Le voilà^^
Les Nains, après avoir délivré Balïn étaient remontés, jusqu’à l’entrée de la base des gobelins. Ils avaient dû tuer quelques gardes par-ci par-là, mais étaient passés sans encombres. Ils avaient retrouvé à l’entrée du camp des ennemis le reste des compagnons d’Ori.
-Il y a, Balïn, beaucoup de choses à expliquer, certaines sont très étonnantes, révoltantes même, mais elles doivent attendre, et ton récit également, mon ami. Nous ne sommes pas en sécurité ici, allons là où les gobelins ont campé, je ne sais si lors vous étiez déjà prisonniers, mais c’est un endroit sur désormais.
Balïn acquiesca.
-Bien, ton avis est sage, je le suis(*du verbe suivre*), et toi également(*je te suis également*), conduis-nous.
La troupe se mit en branle, tout était calme dans les passages qu’elle empruntait, ils paraissaient vides et froids, l’on était loin de l’ancienne ambiance chaleureuse de Khazad-Dûm.
-Nous y voici, déclara Ori, d’une voix rassurée, entrant dans son ancien campement, ici nous serons à l’abri, nous devons parler de choses très importantes, mon ami, très.
-Bien, dit Balïn, vous autres, allumez donc un grand feu au centre de la pièce ! Maintenant, occupons-nous de la tombe de Diri, elle sera très bien ici. Là.
Il désigna le bout de la salle, là où le dallage était le mieux travaillé, et parfaitement posé.
Il ordonna que l’on extraie de la roche un peu plus loin dans le couloir, et qu’on l’amène au lieu-dit. Lorsque ce fut fait, une tombe fut érigée, grossièrement, car le temps et les moyens manquaient, mais majestueuse malgré tout. Balïn était content du travail de ses gens, il les félicita puis ordonna que le repas commence autour du feu.

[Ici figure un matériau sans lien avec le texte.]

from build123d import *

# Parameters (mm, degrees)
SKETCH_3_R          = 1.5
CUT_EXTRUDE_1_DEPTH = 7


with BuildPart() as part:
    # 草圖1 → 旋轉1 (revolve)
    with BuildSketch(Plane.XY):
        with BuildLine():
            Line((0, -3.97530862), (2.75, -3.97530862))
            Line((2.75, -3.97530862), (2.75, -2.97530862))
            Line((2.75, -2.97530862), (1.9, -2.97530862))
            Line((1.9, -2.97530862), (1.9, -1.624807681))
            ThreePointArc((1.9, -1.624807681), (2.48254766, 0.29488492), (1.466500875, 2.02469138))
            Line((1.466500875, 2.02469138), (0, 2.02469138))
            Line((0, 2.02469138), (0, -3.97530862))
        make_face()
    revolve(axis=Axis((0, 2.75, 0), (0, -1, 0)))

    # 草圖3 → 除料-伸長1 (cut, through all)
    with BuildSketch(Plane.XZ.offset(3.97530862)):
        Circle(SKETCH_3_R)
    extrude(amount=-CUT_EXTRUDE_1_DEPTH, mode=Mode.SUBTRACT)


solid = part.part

-Vous avez bien travaillé, Nains, je suis fier de vous. Maintenant, mangeons et buvons tout notre content, ensuite, les discussions iront bon train auprès du feu. Haldïn, Nwalïn, lorsque je vous le dirai, vous nous rejoindrez, Ori et moi.
Les jeunes amis hochèrent la tête, étonnés et curieux.
Après un repas bien arrosé, Balïn et Ori s’assoirent et parlèrent.
-Alors, mon ami, quelles sont ces nouvelles si importantes ? interrogeait Balïn, tu m’avais l’air bien tourmenté alors. Mais d’abord, laisse-moi te remercier encore, car sans toi qui sait ce qu’il serait advenu de nous ? !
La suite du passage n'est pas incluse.